If you have any comments, warnings, or rants about how this is evil, do share.

About these ads
This entry was posted in Clojure. Bookmark the permalink.

26 Responses to À la carte configuration in Clojure APIs

  1. Jim says:

    Hey Chas. Are you familiar with the state monad?

    • Alex Miller says:

      Indeed, we have experimented with using monads to solve this problem in some places. We did not like it better enough to keep it though.

    • Chas Emerick says:

      Vaguely. Insofar as each time I’ve learned about monads I’ve thought “oh, is that all there is to them?”, I’ve not really internalized what each one is.

      A slight googling and some prodding in irc reminds though…presumably, we’re talking about immutable state, in which case only the reader monad is applicable, correct? (Leaving aside the state of the database or other thing we’re providing configuration for.) Unless I’m really off-track, that would make things somewhat more onerous for consumers of the API (insofar as either higher-level library authors or direct users would end up having to grapple with the monadic underbelly of things).

      Do a dullard a favor and let know if I’m in the weeds.

  2. Slightly evil, in particular points (1) and (3). If you can do it without rebinding any functions, I’ll like it. I think I’d prefer to have two distinct namespaces that provide the same API, where all the functions in one use dynamic config and wrap the functions in the other. Using an approach similar to this one, you could generate the “dynamic” ns automatically.

  3. llasram says:

    For “unease” (3) I agree that in many cases the overhead this would introduce doesn’t matter, but you do still end up paying plenty of overhead even *without* calling with-config — both the performance cost of calling functions through :dynamic vars and the cost of argument wrapping/unwrapping by the closure introduced by unease (1).
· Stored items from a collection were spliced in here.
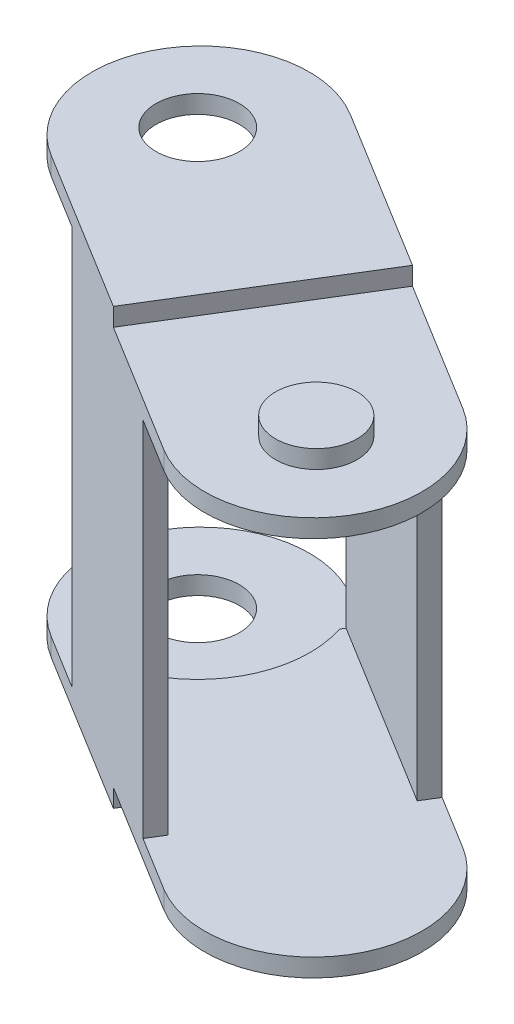
ISO-10303-21;
HEADER;
FILE_DESCRIPTION(('STEP AP214'),'2;1');
FILE_NAME('part.step','',(''),(''),'','','');
FILE_SCHEMA(('AUTOMOTIVE_DESIGN { 1 0 10303 214 1 1 1 1 }'));
ENDSEC;
DATA;
#1=APPLICATION_CONTEXT('core data for automotive mechanical design processes');
#2=APPLICATION_PROTOCOL_DEFINITION('international standard','automotive_design',2000,#1);
#3=PRODUCT_CONTEXT('',#1,'mechanical');
#4=PRODUCT('Part','Part','',(#3));
#5=PRODUCT_RELATED_PRODUCT_CATEGORY('part','',(#4));
#6=PRODUCT_DEFINITION_FORMATION('','',#4);
#7=PRODUCT_DEFINITION_CONTEXT('part definition',#1,'design');
#8=PRODUCT_DEFINITION('design','',#6,#7);
#9=PRODUCT_DEFINITION_SHAPE('','',#8);
#10=(LENGTH_UNIT() NAMED_UNIT(*) SI_UNIT(.MILLI.,.METRE.));
#11=(NAMED_UNIT(*) PLANE_ANGLE_UNIT() SI_UNIT($,.RADIAN.));
#12=(NAMED_UNIT(*) SI_UNIT($,.STERADIAN.) SOLID_ANGLE_UNIT());
#13=UNCERTAINTY_MEASURE_WITH_UNIT(LENGTH_MEASURE(1.E-05),#10,'distance_accuracy_value','');
#14=(GEOMETRIC_REPRESENTATION_CONTEXT(3) GLOBAL_UNCERTAINTY_ASSIGNED_CONTEXT((#13)) GLOBAL_UNIT_ASSIGNED_CONTEXT((#10,
#11,#12)) REPRESENTATION_CONTEXT('',''));
#15=CARTESIAN_POINT('',(0.,0.,0.));
#16=DIRECTION('',(0.,0.,1.));
#17=DIRECTION('',(1.,0.,0.));
#18=AXIS2_PLACEMENT_3D('',#15,#16,#17);
#19=CARTESIAN_POINT('',(-542.9529281263,21.5,74.6286141701));
#20=DIRECTION('',(0.,1.,0.));
#21=DIRECTION('',(0.851554736969907,0.,0.524265705481593));
#22=AXIS2_PLACEMENT_3D('',#19,#20,#21);
#23=CYLINDRICAL_SURFACE('',#22,2.25);
#24=CARTESIAN_POINT('',(-542.9529281263,21.,74.6286141701));
#25=DIRECTION('',(0.,1.,0.));
#26=DIRECTION('',(0.85155473696992,0.,0.524265705481572));
#27=AXIS2_PLACEMENT_3D('',#24,#25,#26);
#28=CIRCLE('',#27,2.25);
#29=CARTESIAN_POINT('',(-541.036929968118,21.,75.8082120074335));
#30=VERTEX_POINT('',#29);
#31=EDGE_CURVE('E205',#30,#30,#28,.F.);
#32=ORIENTED_EDGE('',*,*,#31,.F.);
#33=EDGE_LOOP('',(#32));
#34=FACE_BOUND('',#33,.T.);
#35=CARTESIAN_POINT('',(-542.9529281263,22.,74.6286141701));
#36=DIRECTION('',(0.,-1.,0.));
#37=DIRECTION('',(-0.85155473696992,0.,-0.524265705481572));
#38=AXIS2_PLACEMENT_3D('',#35,#36,#37);
#39=CIRCLE('',#38,2.25);
#40=CARTESIAN_POINT('',(-544.868926284482,22.,73.4490163327665));
#41=VERTEX_POINT('',#40);
#42=EDGE_CURVE('E202',#41,#41,#39,.F.);
#43=ORIENTED_EDGE('',*,*,#42,.F.);
#44=EDGE_LOOP('',(#43));
#45=FACE_BOUND('',#44,.T.);
#46=ADVANCED_FACE('F17',(#34,#45),#23,.T.);
#47=CARTESIAN_POINT('',(-547.471326526122,21.,64.80089439866));
#48=DIRECTION('',(0.,1.,0.));
#49=DIRECTION('',(-0.524265705481499,0.,0.851554736969965));
#50=AXIS2_PLACEMENT_3D('',#47,#48,#49);
#51=PLANE('',#50);
#52=CARTESIAN_POINT('',(-543.378705494923,21.,74.366481317392));
#53=DIRECTION('',(0.,1.,0.));
#54=DIRECTION('',(0.851554736978753,0.,0.524265705467226));
#55=AXIS2_PLACEMENT_3D('',#52,#53,#54);
#56=CIRCLE('',#55,6.);
#57=CARTESIAN_POINT('',(-540.233111262012,21.,69.257152895585));
#58=VERTEX_POINT('',#57);
#59=CARTESIAN_POINT('',(-546.524299727748,21.,79.475809739117));
#60=VERTEX_POINT('',#59);
#61=EDGE_CURVE('E189',#58,#60,#56,.F.);
#62=ORIENTED_EDGE('',*,*,#61,.F.);
#63=DIRECTION('',(-0.851554736962008,0.,-0.524265705494424));
#64=VECTOR('',#63,1.);
#65=CARTESIAN_POINT('',(-540.233111262006,21.,69.257152895576));
#66=LINE('',#65,#64);
#67=CARTESIAN_POINT('',(-547.471326526234,21.,64.800894398842));
#68=VERTEX_POINT('',#67);
#69=EDGE_CURVE('E177',#68,#58,#66,.F.);
#70=ORIENTED_EDGE('',*,*,#69,.F.);
#71=DIRECTION('',(-0.524265705481501,0.,0.851554736969963));
#72=VECTOR('',#71,1.);
#73=CARTESIAN_POINT('',(-547.471326526234,21.,64.800894398842));
#74=LINE('',#73,#72);
#75=CARTESIAN_POINT('',(-553.762514991925,21.,75.01955124234));
#76=VERTEX_POINT('',#75);
#77=EDGE_CURVE('E188',#76,#68,#74,.F.);
#78=ORIENTED_EDGE('',*,*,#77,.F.);
#79=DIRECTION('',(0.851554736958056,0.,0.524265705500843));
#80=VECTOR('',#79,1.);
#81=CARTESIAN_POINT('',(-553.762514991925,21.,75.01955124234));
#82=LINE('',#81,#80);
#83=EDGE_CURVE('E201',#60,#76,#82,.F.);
#84=ORIENTED_EDGE('',*,*,#83,.F.);
#85=EDGE_LOOP('',(#62,#70,#78,#84));
#86=FACE_BOUND('',#85,.T.);
#87=ORIENTED_EDGE('',*,*,#31,.T.);
#88=EDGE_LOOP('',(#87));
#89=FACE_BOUND('',#88,.T.);
#90=ADVANCED_FACE('F199',(#86,#89),#51,.T.);
#91=CARTESIAN_POINT('',(-546.080085144941,22.,75.416278455891));
#92=DIRECTION('',(0.,1.,0.));
#93=DIRECTION('',(0.851554736969965,0.,0.524265705481499));
#94=AXIS2_PLACEMENT_3D('',#91,#92,#93);
#95=PLANE('',#94);
#96=ORIENTED_EDGE('',*,*,#42,.T.);
#97=EDGE_LOOP('',(#96));
#98=FACE_BOUND('',#97,.T.);
#99=ADVANCED_FACE('F629',(#98),#95,.T.);
#100=CARTESIAN_POINT('',(-543.378705494818,-2.,74.366481317222));
#101=DIRECTION('',(0.,1.,0.));
#102=DIRECTION('',(-0.524265705480852,0.,0.851554736970363));
#103=AXIS2_PLACEMENT_3D('',#100,#101,#102);
#104=CYLINDRICAL_SURFACE('',#103,6.);
#105=DIRECTION('',(1.7735E-11,-1.,1.0914E-11));
#106=VECTOR('',#105,1.);
#107=CARTESIAN_POINT('',(-546.524299727703,21.,79.475809739044));
#108=LINE('',#107,#106);
#109=CARTESIAN_POINT('',(-546.524299727685,20.,79.475809739055));
#110=VERTEX_POINT('',#109);
#111=EDGE_CURVE('E217',#110,#60,#108,.F.);
#112=ORIENTED_EDGE('',*,*,#111,.F.);
#113=CARTESIAN_POINT('',(-543.378705494818,20.,74.366481317222));
#114=DIRECTION('',(0.,1.,0.));
#115=DIRECTION('',(-0.52426570547789,0.,0.851554736972187));
#116=AXIS2_PLACEMENT_3D('',#113,#114,#115);
#117=CIRCLE('',#116,6.);
#118=CARTESIAN_POINT('',(-540.233111262026,20.,69.257152895577));
#119=VERTEX_POINT('',#118);
#120=EDGE_CURVE('E196',#110,#119,#117,.T.);
#121=ORIENTED_EDGE('',*,*,#120,.T.);
#122=DIRECTION('',(1.3529E-11,1.,8.313E-12));
#123=VECTOR('',#122,1.);
#124=CARTESIAN_POINT('',(-540.233111262026,20.,69.257152895577));
#125=LINE('',#124,#123);
#126=EDGE_CURVE('E181',#119,#58,#125,.T.);
#127=ORIENTED_EDGE('',*,*,#126,.T.);
#128=ORIENTED_EDGE('',*,*,#61,.T.);
#129=EDGE_LOOP('',(#112,#121,#127,#128));
#130=FACE_BOUND('',#129,.T.);
#131=ADVANCED_FACE('F195',(#130),#104,.T.);
#132=CARTESIAN_POINT('',(-540.233111261896,-2.,69.25715289554));
#133=DIRECTION('',(0.524265705481499,0.,-0.851554736969965));
#134=DIRECTION('',(-0.851554736969965,0.,-0.524265705481499));
#135=AXIS2_PLACEMENT_3D('',#132,#133,#134);
#136=PLANE('',#135);
#137=DIRECTION('',(0.,-1.,0.));
#138=VECTOR('',#137,1.);
#139=CARTESIAN_POINT('',(-547.471326526255,22.,64.800894398877));
#140=LINE('',#139,#138);
#141=CARTESIAN_POINT('',(-547.471326526255,22.,64.800894398877));
#142=VERTEX_POINT('',#141);
#143=EDGE_CURVE('E184',#142,#68,#140,.T.);
#144=ORIENTED_EDGE('',*,*,#143,.T.);
#145=ORIENTED_EDGE('',*,*,#69,.T.);
#146=ORIENTED_EDGE('',*,*,#126,.F.);
#147=DIRECTION('',(-0.851554736969965,0.,-0.524265705481499));
#148=VECTOR('',#147,1.);
#149=CARTESIAN_POINT('',(-540.233111261973,20.,69.257152895492));
#150=LINE('',#149,#148);
#151=CARTESIAN_POINT('',(-543.2135528414,20.,67.422222926287));
#152=VERTEX_POINT('',#151);
#153=EDGE_CURVE('E229',#119,#152,#150,.T.);
#154=ORIENTED_EDGE('',*,*,#153,.T.);
#155=DIRECTION('',(0.,-1.,0.));
#156=VECTOR('',#155,1.);
#157=CARTESIAN_POINT('',(-543.2135528414,20.,67.422222926287));
#158=LINE('',#157,#156);
#159=CARTESIAN_POINT('',(-543.2135528414,0.,67.422222926287));
#160=VERTEX_POINT('',#159);
#161=EDGE_CURVE('E233',#152,#160,#158,.T.);
#162=ORIENTED_EDGE('',*,*,#161,.T.);
#163=DIRECTION('',(0.851554736969965,0.,0.524265705481498));
#164=VECTOR('',#163,1.);
#165=CARTESIAN_POINT('',(-543.2135528414,0.,67.422222926287));
#166=LINE('',#165,#164);
#167=CARTESIAN_POINT('',(-540.23311126196,0.,69.2571528955));
#168=VERTEX_POINT('',#167);
#169=EDGE_CURVE('E238',#160,#168,#166,.T.);
#170=ORIENTED_EDGE('',*,*,#169,.T.);
#171=DIRECTION('',(3.752E-12,-1.,2.302E-12));
#172=VECTOR('',#171,1.);
#173=CARTESIAN_POINT('',(-540.23311126196,0.,69.2571528955));
#174=LINE('',#173,#172);
#175=CARTESIAN_POINT('',(-540.233111261956,-1.,69.257152895503));
#176=VERTEX_POINT('',#175);
#177=EDGE_CURVE('E243',#176,#168,#174,.F.);
#178=ORIENTED_EDGE('',*,*,#177,.F.);
#179=DIRECTION('',(-0.851554736969964,0.,-0.524265705481501));
#180=VECTOR('',#179,1.);
#181=CARTESIAN_POINT('',(-540.233111261956,-1.,69.257152895503));
#182=LINE('',#181,#180);
#183=CARTESIAN_POINT('',(-547.471326526255,-1.,64.800894398876));
#184=VERTEX_POINT('',#183);
#185=EDGE_CURVE('E247',#176,#184,#182,.T.);
#186=ORIENTED_EDGE('',*,*,#185,.T.);
#187=DIRECTION('',(-1.14E-13,-1.,0.));
#188=VECTOR('',#187,1.);
#189=CARTESIAN_POINT('',(-547.471326526255,-1.,64.800894398876));
#190=LINE('',#189,#188);
#191=CARTESIAN_POINT('',(-547.471326526255,-2.,64.800894398876));
#192=VERTEX_POINT('',#191);
#193=EDGE_CURVE('E252',#184,#192,#190,.T.);
#194=ORIENTED_EDGE('',*,*,#193,.T.);
#195=DIRECTION('',(-0.851554736969965,0.,-0.524265705481499));
#196=VECTOR('',#195,1.);
#197=CARTESIAN_POINT('',(-547.471326526255,-2.,64.800894398876));
#198=LINE('',#197,#196);
#199=CARTESIAN_POINT('',(-556.412651264325,-2.,59.296104491391));
#200=VERTEX_POINT('',#199);
#201=EDGE_CURVE('E257',#192,#200,#198,.T.);
#202=ORIENTED_EDGE('',*,*,#201,.T.);
#203=DIRECTION('',(0.,1.,0.));
#204=VECTOR('',#203,1.);
#205=CARTESIAN_POINT('',(-556.412651264325,-2.,59.296104491391));
#206=LINE('',#205,#204);
#207=CARTESIAN_POINT('',(-556.412651264325,-1.,59.296104491391));
#208=VERTEX_POINT('',#207);
#209=EDGE_CURVE('E262',#200,#208,#206,.T.);
#210=ORIENTED_EDGE('',*,*,#209,.T.);
#211=DIRECTION('',(0.851554736969968,0.,0.524265705481494));
#212=VECTOR('',#211,1.);
#213=CARTESIAN_POINT('',(-556.412651264325,-1.,59.296104491391));
#214=LINE('',#213,#212);
#215=CARTESIAN_POINT('',(-553.432209685043,-1.,61.131034460507));
#216=VERTEX_POINT('',#215);
#217=EDGE_CURVE('E267',#208,#216,#214,.T.);
#218=ORIENTED_EDGE('',*,*,#217,.T.);
#219=DIRECTION('',(0.,1.,0.));
#220=VECTOR('',#219,1.);
#221=CARTESIAN_POINT('',(-553.432209685043,-1.,61.131034460507));
#222=LINE('',#221,#220);
#223=CARTESIAN_POINT('',(-553.432209685043,21.,61.131034460507));
#224=VERTEX_POINT('',#223);
#225=EDGE_CURVE('E272',#216,#224,#222,.T.);
#226=ORIENTED_EDGE('',*,*,#225,.T.);
#227=DIRECTION('',(-0.851554736969968,0.,-0.524265705481494));
#228=VECTOR('',#227,1.);
#229=CARTESIAN_POINT('',(-553.432209685043,21.,61.131034460507));
#230=LINE('',#229,#228);
#231=CARTESIAN_POINT('',(-556.412651264325,21.,59.296104491391));
#232=VERTEX_POINT('',#231);
#233=EDGE_CURVE('E277',#224,#232,#230,.T.);
#234=ORIENTED_EDGE('',*,*,#233,.T.);
#235=DIRECTION('',(0.,1.,0.));
#236=VECTOR('',#235,1.);
#237=CARTESIAN_POINT('',(-556.412651264325,21.,59.296104491391));
#238=LINE('',#237,#236);
#239=CARTESIAN_POINT('',(-556.412651264325,22.,59.296104491391));
#240=VERTEX_POINT('',#239);
#241=EDGE_CURVE('E282',#232,#240,#238,.T.);
#242=ORIENTED_EDGE('',*,*,#241,.T.);
#243=DIRECTION('',(0.851554736969965,0.,0.524265705481499));
#244=VECTOR('',#243,1.);
#245=CARTESIAN_POINT('',(-556.412651264325,22.,59.296104491391));
#246=LINE('',#245,#244);
#247=EDGE_CURVE('E287',#240,#142,#246,.T.);
#248=ORIENTED_EDGE('',*,*,#247,.T.);
#249=EDGE_LOOP('',(#144,#145,#146,#154,#162,#170,#178,#186,#194,#202,#210,#218,#226,#234,#242,#248));
#250=FACE_BOUND('',#249,.T.);
#251=ADVANCED_FACE('F179',(#250),#136,.T.);
#252=CARTESIAN_POINT('',(-553.762514991926,21.,75.019551242342));
#253=DIRECTION('',(0.851554736969965,0.,0.524265705481499));
#254=DIRECTION('',(0.524265705481499,0.,-0.851554736969965));
#255=AXIS2_PLACEMENT_3D('',#252,#253,#254);
#256=PLANE('',#255);
#257=DIRECTION('',(-0.524265705481503,0.,0.851554736969962));
#258=VECTOR('',#257,1.);
#259=CARTESIAN_POINT('',(-547.471326526222,22.,64.800894398822));
#260=LINE('',#259,#258);
#261=CARTESIAN_POINT('',(-553.762514991926,22.,75.019551242342));
#262=VERTEX_POINT('',#261);
#263=EDGE_CURVE('E291',#262,#142,#260,.F.);
#264=ORIENTED_EDGE('',*,*,#263,.F.);
#265=DIRECTION('',(1.364E-12,-1.,-2.117E-12));
#266=VECTOR('',#265,1.);
#267=CARTESIAN_POINT('',(-553.762514991926,22.,75.019551242342));
#268=LINE('',#267,#266);
#269=EDGE_CURVE('E295',#76,#262,#268,.F.);
#270=ORIENTED_EDGE('',*,*,#269,.F.);
#271=ORIENTED_EDGE('',*,*,#77,.T.);
#272=ORIENTED_EDGE('',*,*,#143,.F.);
#273=EDGE_LOOP('',(#264,#270,#271,#272));
#274=FACE_BOUND('',#273,.T.);
#275=ADVANCED_FACE('F613',(#274),#256,.T.);
#276=CARTESIAN_POINT('',(-562.703839730104,-2.,69.514761335031));
#277=DIRECTION('',(-0.524265705481499,0.,0.851554736969965));
#278=DIRECTION('',(0.851554736969965,0.,0.524265705481499));
#279=AXIS2_PLACEMENT_3D('',#276,#277,#278);
#280=PLANE('',#279);
#281=ORIENTED_EDGE('',*,*,#83,.T.);
#282=ORIENTED_EDGE('',*,*,#269,.T.);
#283=DIRECTION('',(-0.851554736969966,0.,-0.524265705481497));
#284=VECTOR('',#283,1.);
#285=CARTESIAN_POINT('',(-553.762514992033,22.,75.019551242516));
#286=LINE('',#285,#284);
#287=CARTESIAN_POINT('',(-562.703839730103,22.,69.514761335031));
#288=VERTEX_POINT('',#287);
#289=EDGE_CURVE('E300',#262,#288,#286,.T.);
#290=ORIENTED_EDGE('',*,*,#289,.T.);
#291=DIRECTION('',(0.,-1.,0.));
#292=VECTOR('',#291,1.);
#293=CARTESIAN_POINT('',(-562.703839730103,22.,69.514761335031));
#294=LINE('',#293,#292);
#295=CARTESIAN_POINT('',(-562.703839730103,21.,69.514761335031));
#296=VERTEX_POINT('',#295);
#297=EDGE_CURVE('E305',#296,#288,#294,.F.);
#298=ORIENTED_EDGE('',*,*,#297,.F.);
#299=DIRECTION('',(0.851554736969963,0.,0.524265705481502));
#300=VECTOR('',#299,1.);
#301=CARTESIAN_POINT('',(-562.703839730103,21.,69.514761335031));
#302=LINE('',#301,#300);
#303=CARTESIAN_POINT('',(-559.723398150821,21.,71.349691304147));
#304=VERTEX_POINT('',#303);
#305=EDGE_CURVE('E310',#296,#304,#302,.T.);
#306=ORIENTED_EDGE('',*,*,#305,.T.);
#307=DIRECTION('',(0.,-1.,0.));
#308=VECTOR('',#307,1.);
#309=CARTESIAN_POINT('',(-559.723398150821,21.,71.349691304147));
#310=LINE('',#309,#308);
#311=CARTESIAN_POINT('',(-559.723398150821,-1.,71.349691304147));
#312=VERTEX_POINT('',#311);
#313=EDGE_CURVE('E315',#304,#312,#310,.T.);
#314=ORIENTED_EDGE('',*,*,#313,.T.);
#315=DIRECTION('',(-0.851554736969961,0.,-0.524265705481505));
#316=VECTOR('',#315,1.);
#317=CARTESIAN_POINT('',(-559.723398150821,-1.,71.349691304147));
#318=LINE('',#317,#316);
#319=CARTESIAN_POINT('',(-562.703839730103,-1.,69.514761335031));
#320=VERTEX_POINT('',#319);
#321=EDGE_CURVE('E320',#312,#320,#318,.T.);
#322=ORIENTED_EDGE('',*,*,#321,.T.);
#323=DIRECTION('',(-1.14E-13,-1.,0.));
#324=VECTOR('',#323,1.);
#325=CARTESIAN_POINT('',(-562.703839730103,-1.,69.514761335031));
#326=LINE('',#325,#324);
#327=CARTESIAN_POINT('',(-562.703839730104,-2.,69.514761335031));
#328=VERTEX_POINT('',#327);
#329=EDGE_CURVE('E325',#328,#320,#326,.F.);
#330=ORIENTED_EDGE('',*,*,#329,.F.);
#331=DIRECTION('',(0.851554736969965,0.,0.524265705481499));
#332=VECTOR('',#331,1.);
#333=CARTESIAN_POINT('',(-562.703839730104,-2.,69.514761335031));
#334=LINE('',#333,#332);
#335=CARTESIAN_POINT('',(-553.762514992033,-2.,75.019551242516));
#336=VERTEX_POINT('',#335);
#337=EDGE_CURVE('E330',#328,#336,#334,.T.);
#338=ORIENTED_EDGE('',*,*,#337,.T.);
#339=DIRECTION('',(2.27E-13,1.,1.42E-13));
#340=VECTOR('',#339,1.);
#341=CARTESIAN_POINT('',(-553.762514992033,-2.,75.019551242516));
#342=LINE('',#341,#340);
#343=CARTESIAN_POINT('',(-553.762514992033,-1.,75.019551242516));
#344=VERTEX_POINT('',#343);
#345=EDGE_CURVE('E335',#336,#344,#342,.T.);
#346=ORIENTED_EDGE('',*,*,#345,.T.);
#347=DIRECTION('',(0.851554736969968,0.,0.524265705481494));
#348=VECTOR('',#347,1.);
#349=CARTESIAN_POINT('',(-553.762514992033,-1.,75.019551242516));
#350=LINE('',#349,#348);
#351=CARTESIAN_POINT('',(-546.524299727755,-1.,79.475809739129));
#352=VERTEX_POINT('',#351);
#353=EDGE_CURVE('E340',#344,#352,#350,.T.);
#354=ORIENTED_EDGE('',*,*,#353,.T.);
#355=DIRECTION('',(4.093E-12,1.,2.572E-12));
#356=VECTOR('',#355,1.);
#357=CARTESIAN_POINT('',(-546.524299727755,-1.,79.475809739129));
#358=LINE('',#357,#356);
#359=CARTESIAN_POINT('',(-546.524299727751,0.,79.475809739132));
#360=VERTEX_POINT('',#359);
#361=EDGE_CURVE('E345',#352,#360,#358,.T.);
#362=ORIENTED_EDGE('',*,*,#361,.T.);
#363=DIRECTION('',(-0.851554736969967,0.,-0.524265705481496));
#364=VECTOR('',#363,1.);
#365=CARTESIAN_POINT('',(-546.524299727751,0.,79.475809739132));
#366=LINE('',#365,#364);
#367=CARTESIAN_POINT('',(-549.504741307178,0.,77.640879769927));
#368=VERTEX_POINT('',#367);
#369=EDGE_CURVE('E350',#360,#368,#366,.T.);
#370=ORIENTED_EDGE('',*,*,#369,.T.);
#371=DIRECTION('',(0.,1.,0.));
#372=VECTOR('',#371,1.);
#373=CARTESIAN_POINT('',(-549.504741307178,0.,77.640879769927));
#374=LINE('',#373,#372);
#375=CARTESIAN_POINT('',(-549.504741307178,20.,77.640879769927));
#376=VERTEX_POINT('',#375);
#377=EDGE_CURVE('E355',#368,#376,#374,.T.);
#378=ORIENTED_EDGE('',*,*,#377,.T.);
#379=DIRECTION('',(0.85155473696996,0.,0.524265705481507));
#380=VECTOR('',#379,1.);
#381=CARTESIAN_POINT('',(-549.504741307178,20.,77.640879769927));
#382=LINE('',#381,#380);
#383=EDGE_CURVE('E360',#376,#110,#382,.T.);
#384=ORIENTED_EDGE('',*,*,#383,.T.);
#385=ORIENTED_EDGE('',*,*,#111,.T.);
#386=EDGE_LOOP('',(#281,#282,#290,#298,#306,#314,#322,#330,#338,#346,#354,#362,#370,#378,#384,#385));
#387=FACE_BOUND('',#386,.T.);
#388=ADVANCED_FACE('F555',(#387),#280,.T.);
#389=CARTESIAN_POINT('',(-559.723398150821,20.,71.349691304147));
#390=DIRECTION('',(0.,-1.,0.));
#391=DIRECTION('',(0.524265705481499,0.,-0.851554736969965));
#392=AXIS2_PLACEMENT_3D('',#389,#390,#391);
#393=PLANE('',#392);
#394=CARTESIAN_POINT('',(-559.984022865699,20.,64.14330006047));
#395=DIRECTION('',(0.,1.,0.));
#396=DIRECTION('',(0.851554736969928,0.,0.524265705481559));
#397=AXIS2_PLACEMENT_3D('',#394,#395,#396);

    Your unease (1) by itself is enough to put me pretty off this approach personally. This boils down to changing calling conventions with dynamic scope. The def-wrapping macro provides a consistent worldview within the module, but any attempts to build other APIs on top of base APIs defined this way have exactly the same problem, and would need a similar solution. Additionally, users of APIs defined this way have no way of accessing both calling conventions at once, in particular no way of accessing the config-as-argument convention once within the dynamic scope of a with-config.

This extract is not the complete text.